1. If there’s already a keyfile (or any other data) in the DO - the OpenSC will return the “no space available” PKCS#11 error that results in the corresponding VC error the OP and I posted earlier.
2. VC has a “Delete” button in the token/keyfile management window that allows for removing keyfiles from the token and clicking it generates proper delete sequence in OpenSC and the Nitrokey’s smartcard confirms deletion.
3. However if you try to import a keyfile immediately after that (after all, you’ve just freed the space, right?), it will again fail with the same “no space available” error, because that’s what OpenSC will return - based on my debugging, sc_read_binary() still returns non-zero here.
4. If you however restart the VC (and that will reinitialize the OpenSC underneath) - the deletion is now recognized and you can import the file just fine. Same happens if I insert the PKCS#11 C_Finalize()/C_Initialize() sequence into the VC’s token file deletion function - so apparently that’s the key here (just closing the session with the token is not enough).
5. Using command-line pkcs11-tool works fine, because you can’t delete and write a DO in the same command invocation, so OpenSC is always reinitialized between those two operations.

So the workaround is just to restart VeraCrypt after deleting the existing keyfile from the token, before importing a new one.

I’ve run out of time today to find the actual root cause, but essentially there seems to be some caching going on within OpenSC and I’m not yet sure whether it’s a PKCS#11 requirement to do a reinit like that (that would mean a bug in VeraCrypt - but I see nothing like that in the PKCS#11 standard yet) or there’s a bug in OpenSC - I’ll look further into that. However the Nitrokey’s fault is almost excluded, unless there’s a very peculiar situation where it confirms the deletion, but doesn’t actually do it until OpenSC reinitialization triggers it, which sounds too artificial to me to be true.

Stay tuned 8)

All right, so there’s indeed a bug in OpenSC where a blob update logic creates a state discrepancy after deletion: the object is deleted on the card, but the OpenSC’s blob itself it not updated, so the test read upon the next attempt to save the keyfile returns non-zero data as if it’s still there.

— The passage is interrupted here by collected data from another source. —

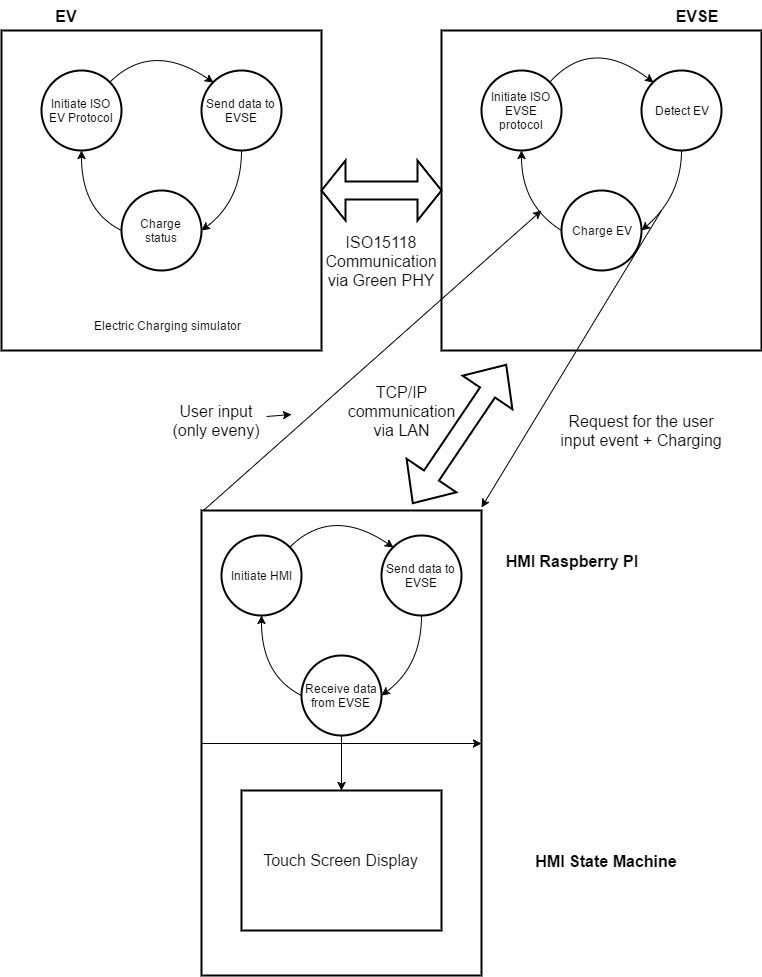

The diagram above was exported from draw.io. Its source (the exported page's mxGraphModel, read from the mxfile embedded in the PNG):
<mxGraphModel dx="1106" dy="516" grid="1" gridSize="10" guides="1" tooltips="1" connect="1" arrows="1" fold="1" page="1" pageScale="1" pageWidth="850" pageHeight="1100" background="#ffffff" math="0" shadow="0">
  <root>
    <mxCell id="0" />
    <mxCell id="1" parent="0" />
    <mxCell id="45" value="" style="whiteSpace=wrap;html=1;strokeWidth=2;fillColor=none;fontSize=16;" parent="1" vertex="1">
      <mxGeometry x="240" y="560" width="280" height="465" as="geometry" />
    </mxCell>
    <mxCell id="35" value="" style="whiteSpace=wrap;html=1;strokeWidth=2;fillColor=none;" parent="1" vertex="1">
      <mxGeometry x="480" y="80" width="320" height="320" as="geometry" />
    </mxCell>
    <mxCell id="2" value="" style="whiteSpace=wrap;html=1;strokeWidth=2;fillColor=none;" parent="1" vertex="1">
      <mxGeometry x="40" y="80" width="320" height="320" as="geometry" />
    </mxCell>
    <mxCell id="23" value="Send data to EVSE" style="ellipse;whiteSpace=wrap;html=1;aspect=fixed;strokeWidth=2;fillColor=none;" parent="1" vertex="1">
      <mxGeometry x="240" y="120" width="80" height="80" as="geometry" />
    </mxCell>
    <mxCell id="24" value="Charge status" style="ellipse;whiteSpace=wrap;html=1;aspect=fixed;strokeWidth=2;fillColor=none;" parent="1" vertex="1">
      <mxGeometry x="160" y="240" width="80" height="80" as="geometry" />
    </mxCell>
    <mxCell id="28" value="Initiate ISO EV Protocol" style="ellipse;whiteSpace=wrap;html=1;aspect=fixed;strokeWidth=2;fillColor=none;" parent="1" vertex="1">
      <mxGeometry x="80" y="120" width="80" height="80" as="geometry" />
    </mxCell>
    <mxCell id="29" value="" style="curved=1;endArrow=classic;html=1;entryX=0.5;entryY=1;exitX=0;exitY=0.5;" parent="1" source="24" target="28" edge="1">
      <mxGeometry width="50" height="50" relative="1" as="geometry">
        <mxPoint x="100" y="310" as="sourcePoint" />
        <mxPoint x="150" y="260" as="targetPoint" />
        <Array as="points">
          <mxPoint x="120" y="260" />
        </Array>
      </mxGeometry>
    </mxCell>
    <mxCell id="30" value="" style="curved=1;endArrow=classic;html=1;entryX=0;entryY=0;exitX=1;exitY=0;" parent="1" source="28" target="23" edge="1">
      <mxGeometry width="50" height="50" relative="1" as="geometry">
        <mxPoint x="181.66666666666663" y="261.6666666666667" as="sourcePoint" />
        <mxPoint x="130" y="210" as="targetPoint" />
        <Array as="points">
          <mxPoint x="190" y="90" />
        </Array>
      </mxGeometry>
    </mxCell>
    <mxCell id="31" value="" style="curved=1;endArrow=classic;html=1;entryX=1;entryY=0.5;exitX=0.5;exitY=1;" parent="1" source="23" target="24" edge="1">
      <mxGeometry width="50" height="50" relative="1" as="geometry">
        <mxPoint x="191.66666666666663" y="271.6666666666667" as="sourcePoint" />
        <mxPoint x="140" y="220" as="targetPoint" />
        <Array as="points">
          <mxPoint x="280" y="250" />
        </Array>
      </mxGeometry>
    </mxCell>
    <mxCell id="33" value="Initiate ISO EVSE protocol" style="ellipse;whiteSpace=wrap;html=1;aspect=fixed;strokeWidth=2;fillColor=none;" parent="1" vertex="1">
      <mxGeometry x="520" y="120" width="80" height="80" as="geometry" />
    </mxCell>
    <mxCell id="34" value="" style="curved=1;endArrow=classic;html=1;entryX=0;entryY=0;exitX=1;exitY=0;" parent="1" source="33" target="36" edge="1">
      <mxGeometry width="50" height="50" relative="1" as="geometry">
        <mxPoint x="621.6666666666666" y="256.66666666666674" as="sourcePoint" />
        <mxPoint x="570" y="205" as="targetPoint" />
        <Array as="points">
          <mxPoint x="630" y="85" />
        </Array>
      </mxGeometry>
    </mxCell>
    <mxCell id="36" value="Detect EV" style="ellipse;whiteSpace=wrap;html=1;aspect=fixed;strokeWidth=2;fillColor=none;" parent="1" vertex="1">
      <mxGeometry x="680" y="120" width="80" height="80" as="geometry" />
    </mxCell>
    <mxCell id="37" value="" style="curved=1;endArrow=classic;html=1;entryX=1;entryY=0.5;exitX=0.5;exitY=1;" parent="1" source="36" target="38" edge="1">
      <mxGeometry width="50" height="50" relative="1" as="geometry">
        <mxPoint x="631.6666666666666" y="266.66666666666674" as="sourcePoint" />
        <mxPoint x="580" y="215" as="targetPoint" />
        <Array as="points">
          <mxPoint x="720" y="245" />
        </Array>
      </mxGeometry>
    </mxCell>
    <mxCell id="38" value="Charge EV" style="ellipse;whiteSpace=wrap;html=1;aspect=fixed;strokeWidth=2;fillColor=none;" parent="1" vertex="1">
      <mxGeometry x="600" y="240" width="80" height="80" as="geometry" />
    </mxCell>
    <mxCell id="39" value="" style="curved=1;endArrow=classic;html=1;entryX=0.5;entryY=1;exitX=0;exitY=0.5;" parent="1" source="38" target="33" edge="1">
      <mxGeometry width="50" height="50" relative="1" as="geometry">
        <mxPoint x="540" y="305" as="sourcePoint" />
        <mxPoint x="590" y="255" as="targetPoint" />
        <Array as="points">
          <mxPoint x="560" y="255" />
        </Array>
      </mxGeometry>
    </mxCell>
    <mxCell id="40" value="" style="shape=doubleArrow;whiteSpace=wrap;html=1;strokeWidth=2;fillColor=none;" parent="1" vertex="1">
      <mxGeometry x="360" y="210" width="120" height="60" as="geometry" />
    </mxCell>
    <mxCell id="41" value="Electric Charging simulator" style="text;html=1;strokeColor=none;fillColor=none;align=center;verticalAlign=middle;whiteSpace=wrap;" parent="1" vertex="1">
      <mxGeometry x="120" y="360" width="170" height="30" as="geometry" />
    </mxCell>
    <mxCell id="42" value="EV" style="text;html=1;strokeColor=none;fillColor=none;align=center;verticalAlign=middle;whiteSpace=wrap;fontSize=16;fontStyle=1" parent="1" vertex="1">
      <mxGeometry x="40" y="50" width="130" height="30" as="geometry" />
    </mxCell>
    <mxCell id="43" value="&lt;b&gt;EVSE&lt;/b&gt;" style="text;html=1;strokeColor=none;fillColor=none;align=center;verticalAlign=middle;whiteSpace=wrap;fontSize=16;" parent="1" vertex="1">
      <mxGeometry x="700" y="55" width="70" height="20" as="geometry" />
    </mxCell>
    <mxCell id="46" value="Touch Screen Display" style="whiteSpace=wrap;html=1;strokeWidth=2;fillColor=none;fontSize=16;" parent="1" vertex="1">
      <mxGeometry x="280" y="840" width="200" height="140" as="geometry" />
    </mxCell>
    <mxCell id="49" value="Initiate HMI" style="ellipse;whiteSpace=wrap;html=1;aspect=fixed;strokeWidth=2;fillColor=none;" parent="1" vertex="1">
      <mxGeometry x="260" y="585" width="80" height="80" as="geometry" />
    </mxCell>
    <mxCell id="50" value="" style="curved=1;endArrow=classic;html=1;entryX=0;entryY=0;exitX=1;exitY=0;" parent="1" source="49" target="51" edge="1">
      <mxGeometry width="50" height="50" relative="1" as="geometry">
        <mxPoint x="361.66666666666663" y="726.6666666666667" as="sourcePoint" />
        <mxPoint x="310" y="675" as="targetPoint" />
        <Array as="points">
          <mxPoint x="370" y="555" />
        </Array>
      </mxGeometry>
    </mxCell>
    <mxCell id="51" value="Send data to EVSE" style="ellipse;whiteSpace=wrap;html=1;aspect=fixed;strokeWidth=2;fillColor=none;" parent="1" vertex="1">
      <mxGeometry x="420" y="585" width="80" height="80" as="geometry" />
    </mxCell>
    <mxCell id="52" value="" style="curved=1;endArrow=classic;html=1;entryX=1;entryY=0.5;exitX=0.5;exitY=1;" parent="1" source="51" target="53" edge="1">
      <mxGeometry width="50" height="50" relative="1" as="geometry">
        <mxPoint x="371.66666666666663" y="736.6666666666667" as="sourcePoint" />
        <mxPoint x="320" y="685" as="targetPoint" />
        <Array as="points">
          <mxPoint x="460" y="715" />
        </Array>
      </mxGeometry>
    </mxCell>
    <mxCell id="54" value="" style="curved=1;endArrow=classic;html=1;entryX=0.5;entryY=1;exitX=0;exitY=0.5;" parent="1" source="53" target="49" edge="1">
      <mxGeometry width="50" height="50" relative="1" as="geometry">
        <mxPoint x="280" y="775" as="sourcePoint" />
        <mxPoint x="330" y="725" as="targetPoint" />
        <Array as="points">
          <mxPoint x="300" y="725" />
        </Array>
      </mxGeometry>
    </mxCell>
    <mxCell id="55" value="" style="endArrow=classic;html=1;fontSize=16;exitX=0.5;exitY=1;" parent="1" source="53" edge="1">
      <mxGeometry width="50" height="50" relative="1" as="geometry">
        <mxPoint x="620" y="840" as="sourcePoint" />
        <mxPoint x="380" y="785" as="targetPoint" />
      </mxGeometry>
    </mxCell>
    <mxCell id="56" value="" style="endArrow=classic;html=1;fontSize=16;exitX=0.5;exitY=1;" parent="1" source="53" target="46" edge="1">
      <mxGeometry width="50" height="50" relative="1" as="geometry">
        <mxPoint x="380" y="790" as="sourcePoint" />
        <mxPoint x="680" y="830" as="targetPoint" />
      </mxGeometry>
    </mxCell>
    <mxCell id="53" value="Receive data from EVSE" style="ellipse;whiteSpace=wrap;html=1;aspect=fixed;strokeWidth=2;fillColor=none;" parent="1" vertex="1">
      <mxGeometry x="340" y="705" width="80" height="80" as="geometry" />
    </mxCell>
    <mxCell id="57" value="ISO15118 Communication via Green PHY" style="text;html=1;strokeColor=none;fillColor=none;align=center;verticalAlign=middle;whiteSpace=wrap;fontSize=16;" parent="1" vertex="1">
      <mxGeometry x="400" y="300" width="40" height="20" as="geometry" />
    </mxCell>
    <mxCell id="58" value="TCP/IP communication via LAN" style="text;html=1;strokeColor=none;fillColor=none;align=center;verticalAlign=middle;whiteSpace=wrap;fontSize=16;" parent="1" vertex="1">
      <mxGeometry x="420" y="450" width="40" height="20" as="geometry" />
    </mxCell>
    <mxCell id="59" value="&lt;b&gt;HMI Raspberry PI&lt;/b&gt;" style="text;html=1;strokeColor=none;fillColor=none;align=center;verticalAlign=middle;whiteSpace=wrap;fontSize=16;" parent="1" vertex="1">
      <mxGeometry x="540" y="600" width="140" height="20" as="geometry" />
    </mxCell>
    <mxCell id="60" style="edgeStyle=none;rounded=0;html=1;exitX=0;exitY=0.5;entryX=1;entryY=0.5;jettySize=auto;orthogonalLoop=1;fontSize=16;" parent="1" source="45" target="45" edge="1">
      <mxGeometry relative="1" as="geometry" />
    </mxCell>
    <mxCell id="61" value="&lt;b&gt;HMI State Machine&lt;/b&gt;" style="text;html=1;strokeColor=none;fillColor=none;align=center;verticalAlign=middle;whiteSpace=wrap;fontSize=16;" parent="1" vertex="1">
      <mxGeometry x="560" y="900" width="170" height="20" as="geometry" />
    </mxCell>
    <mxCell id="62" value="" style="endArrow=classic;html=1;fontSize=16;entryX=1;entryY=-0.006;entryPerimeter=0;" parent="1" target="45" edge="1">
      <mxGeometry width="50" height="50" relative="1" as="geometry">
        <mxPoint x="700" y="260" as="sourcePoint" />
        <mxPoint x="760" y="450" as="targetPoint" />
      </mxGeometry>
    </mxCell>
    <mxCell id="63" value="" style="endArrow=classic;html=1;fontSize=16;exitX=0.007;exitY=0;exitPerimeter=0;" parent="1" source="45" edge="1">
      <mxGeometry width="50" height="50" relative="1" as="geometry">
        <mxPoint x="260" y="550" as="sourcePoint" />
        <mxPoint x="580" y="260" as="targetPoint" />
      </mxGeometry>
    </mxCell>
    <mxCell id="64" value="Request for the user input event + Charging" style="text;html=1;strokeColor=none;fillColor=none;align=center;verticalAlign=middle;whiteSpace=wrap;fontSize=16;" parent="1" vertex="1">
      <mxGeometry x="590" y="470" width="180" height="20" as="geometry" />
    </mxCell>
    <mxCell id="68" value="" style="edgeStyle=none;rounded=0;html=1;jettySize=auto;orthogonalLoop=1;fontSize=16;" parent="1" source="65" edge="1">
      <mxGeometry relative="1" as="geometry">
        <mxPoint x="330" y="464" as="targetPoint" />
      </mxGeometry>
    </mxCell>
    <mxCell id="65" value="User input (only eveny)" style="text;html=1;strokeColor=none;fillColor=none;align=center;verticalAlign=middle;whiteSpace=wrap;fontSize=16;" parent="1" vertex="1">
      <mxGeometry x="205" y="460" width="100" height="20" as="geometry" />
    </mxCell>
    <mxCell id="69" value="" style="shape=doubleArrow;direction=south;whiteSpace=wrap;html=1;strokeWidth=2;fillColor=none;fontSize=16;rotation=34;" parent="1" vertex="1">
      <mxGeometry x="468" y="400" width="60" height="167" as="geometry" />
    </mxCell>
  </root>
</mxGraphModel>

I’ve submitted a proposed fix in OpenSC pull request at https://github.com/OpenSC/OpenSC/pull/2215.

Thank you so much! I’d never have figured any of this out. I’ll try your workaround later today and let you know how it goes.

‐‐‐‐‐‐‐ Original Message ‐‐‐‐‐‐‐

JFYI, the OpenSC PR got merged, so the next release should have the fix and no longer need a workaround.

I got an email that this thread was referenced again. I upgraded my OpenSC to 0.22 and… it’s not flawless but I think I got it to work?

The issue seems to be that Veracrypt doesn’t always register that I have my NK plugged in or that the keyfile is present. I’ve tried it with the password vault both locked and unlocked and neither seems to make a difference. And I can certainly see that the keyfile is present (using gpg --card-status). But there are times when the token shows in Veracrypt and it doesn’t work, and other times when it doesn’t show at all, and occasionally it shows and actually works.

I’ll have to play around with it more to see if there’s an actual consistent method, but for the time being I’m definitely keeping backups of all the containers without the need for the keyfile until I figure this out lol.

Thank you so much for your help!

@gonzalothought In case you are using Linux and GnuPG older than 2.3.x, the latter might compete over the Nitrokey with OpenSC, and either can lock it making the other one not able to reach it. If so, for your use case you may need to stop the GnuPG’s scdaemon by calling:

$ gpgconf --kill scdaemon

After that OpenSC should be able to connect.